Using camera recordings, the current work seeks to develop an automated method for generating virtual warfighter models to predict blast exposure in weapon training scenarios. The key question is whether we can accelerate the process of creating these virtual service member models for rapid exposure estimation. This work uses the latest machine learning-based tools for 3D human pose estimation from a single camera.
These tools allow us to extract the position and posture of each person in an image, streamlining the process of simulating a blast exposure. Using other sensors is difficult because service members in training don't have time to put on many different sensors. However, a camera can easily record a military training session, so our work leverages that modality to overcome the limitations of other types of sensors.

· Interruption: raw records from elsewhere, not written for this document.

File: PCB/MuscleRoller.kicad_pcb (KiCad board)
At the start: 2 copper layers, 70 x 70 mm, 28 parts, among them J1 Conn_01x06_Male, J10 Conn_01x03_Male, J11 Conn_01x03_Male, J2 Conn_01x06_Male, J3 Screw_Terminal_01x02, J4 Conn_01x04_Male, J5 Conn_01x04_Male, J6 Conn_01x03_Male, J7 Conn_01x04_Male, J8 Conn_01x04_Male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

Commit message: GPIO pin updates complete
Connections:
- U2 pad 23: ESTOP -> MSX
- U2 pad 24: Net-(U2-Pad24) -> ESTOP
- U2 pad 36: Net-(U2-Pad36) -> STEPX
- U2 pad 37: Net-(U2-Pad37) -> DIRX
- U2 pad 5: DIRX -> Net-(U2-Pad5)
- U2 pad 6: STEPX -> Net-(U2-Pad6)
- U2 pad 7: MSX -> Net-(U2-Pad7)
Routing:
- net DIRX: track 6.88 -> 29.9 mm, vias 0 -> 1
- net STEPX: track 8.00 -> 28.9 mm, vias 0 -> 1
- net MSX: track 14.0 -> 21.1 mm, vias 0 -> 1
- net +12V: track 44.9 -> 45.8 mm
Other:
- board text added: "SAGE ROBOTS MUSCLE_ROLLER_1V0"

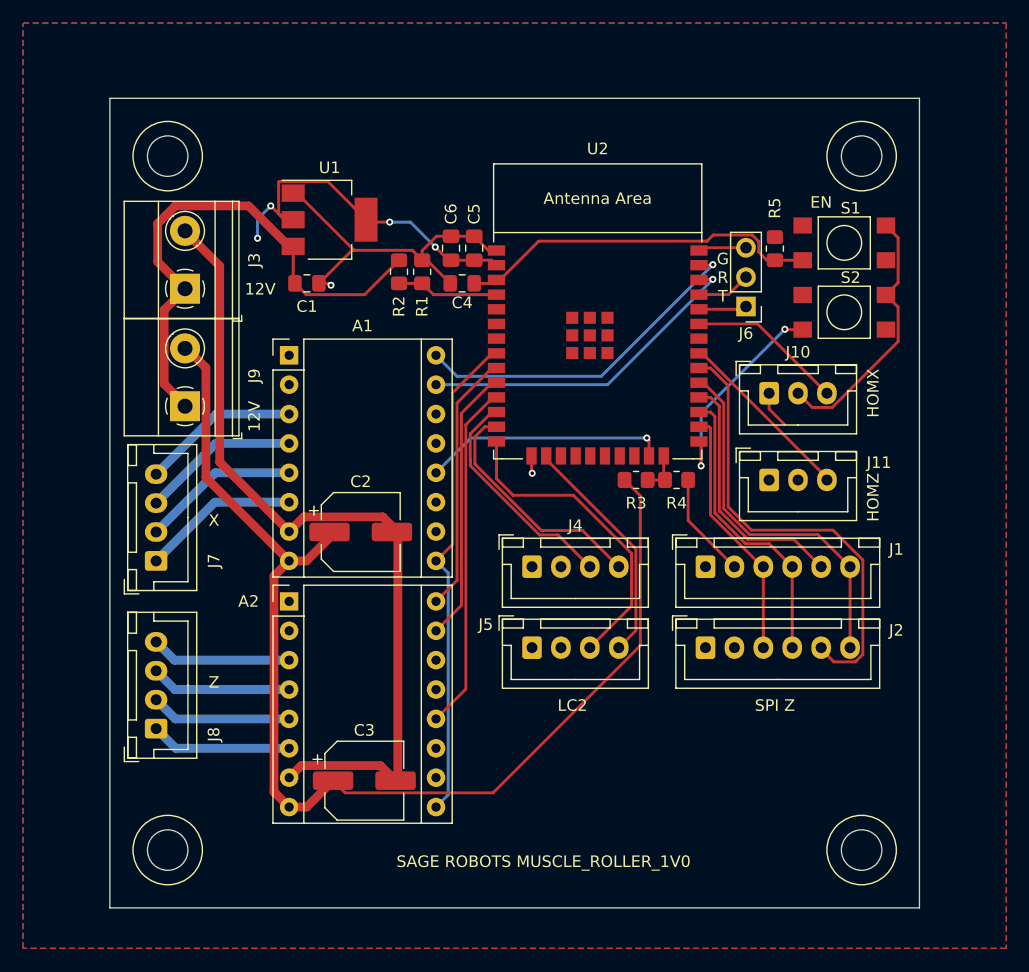
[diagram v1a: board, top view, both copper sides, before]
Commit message: R1 R2 labels were positioned incorrectly
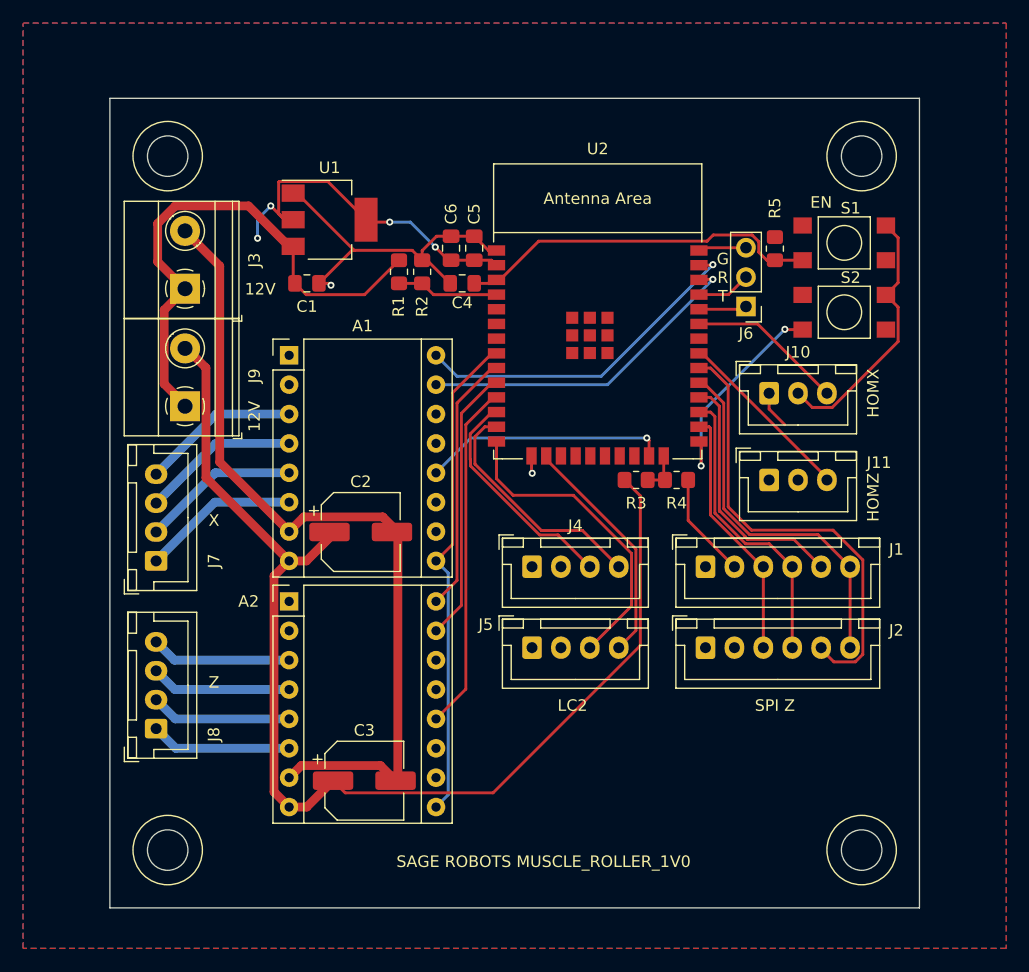
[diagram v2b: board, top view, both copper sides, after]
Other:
- net class Default removed

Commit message: Added LED for status, C7 for ESD protection
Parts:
- added C7: 100u, Capacitor_SMD:CP_Elec_6.3x7.7, F.Cu at (135.0, 87.0)
- added D1: LED, LED_SMD:LED_0805_2012Metric, F.Cu at (160.0, 90.0)
- added R6: 100, Resistor_SMD:R_0805_2012Metric_Pad1.20x1.40mm_HandSolder, F.Cu at (162.0, 90.0)
- S1, S2: footprint A4:TL3305AF160QG -> SageRobots:TL3305AF160QG
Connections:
- A1 pad 10: Net-(A1-Pad10) -> unconnected-(A1-Pad10)
- A1 pad 11: Net-(A1-Pad11) -> unconnected-(A1-Pad11)
- A1 pad 2: Net-(A1-Pad2) -> unconnected-(A1-Pad2)
- A2 pad 10: Net-(A2-Pad10) -> unconnected-(A2-Pad10)
- A2 pad 11: Net-(A2-Pad11) -> unconnected-(A2-Pad11)
- A2 pad 2: Net-(A2-Pad2) -> unconnected-(A2-Pad2)
- S1 pad 2: Net-(S1-Pad2) -> unconnected-(S1-Pad2)
- S1 pad 3: Net-(S1-Pad3) -> unconnected-(S1-Pad3)
- S2 pad 2: Net-(S2-Pad2) -> unconnected-(S2-Pad2)
- S2 pad 3: Net-(S2-Pad3) -> unconnected-(S2-Pad3)
- U2 pad 17: Net-(U2-Pad17) -> unconnected-(U2-Pad17)
- U2 pad 18: Net-(U2-Pad18) -> unconnected-(U2-Pad18)
- U2 pad 19: Net-(U2-Pad19) -> unconnected-(U2-Pad19)
- U2 pad 20: Net-(U2-Pad20) -> unconnected-(U2-Pad20)
- U2 pad 21: Net-(U2-Pad21) -> unconnected-(U2-Pad21)
- U2 pad 22: Net-(U2-Pad22) -> unconnected-(U2-Pad22)
- U2 pad 32: Net-(U2-Pad32) -> unconnected-(U2-Pad32)
- U2 pad 33: HOMX -> LED
- U2 pad 5: Net-(U2-Pad5) -> HOMX
- U2 pad 6: Net-(U2-Pad6) -> unconnected-(U2-Pad6)
- U2 pad 7: Net-(U2-Pad7) -> unconnected-(U2-Pad7)
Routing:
- net HOMX: track 13.6 -> 46.5 mm, vias 0 -> 1
- net LED: track 0.00 -> 31.1 mm
- net GND: track 140.1 -> 160.0 mm, vias 2 -> 4
- net +12V: track 45.8 -> 62.9 mm
- net Net-(D1-Pad1): track 0.00 -> 2.03 mm
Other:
- board text added: "SAGE ROBOTS ROBOROLLER_1V0"
- board text removed: "SAGE ROBOTS MUSCLE_ROLLER_1V0"

Our BOP Tool is the first computational tool to predict blast overpressure on service members using fast-running models optimized with field pressure and sensor data. It systematically replicate service members'posture and position during weapon firing, aiming to accurately estimate overpressure on different anatomical engines of the service member. We aim to enhance and transition the current blast overpressure tool into a real-time blast overpressure monitoring product for accumulator exposure.
We will also work towards correlating this dose to TBA response for injury risk assessment. Begin by clicking the BOP Tool scene module button to open the BOP Tool scene module from the BOP Tool interface. Click on scenario definition and then click on the scenario detail tab.
To begin reading and processing the image data, click the pose tool import button in the BOP Tool scene module, A popup window asking the user to select the relevant image or video will appear on the screen. Using mouse operations, navigate to the folder and select the relevant image or video. Once an image is selected, click open in the window popup, Use the text box under scenario name to choose a name for the scenario.
Under the name field, in the weapon definition, choose a custom name. Select the appropriate weapon class, such as heavy mortar, from the list of options in the dropdown menu. Next, select the weapon from the list of choices in the dropdown.
Using the dropdown options, select the ammunition shell full range training round for the chosen weapon system. Select no shooter under the anthropometry, posture, helmet, and protective armor fields under the shooter definition from the dropdown options. After choosing these options, the corresponding blast kernel will be automatically loaded into the GUI under the charges subtab.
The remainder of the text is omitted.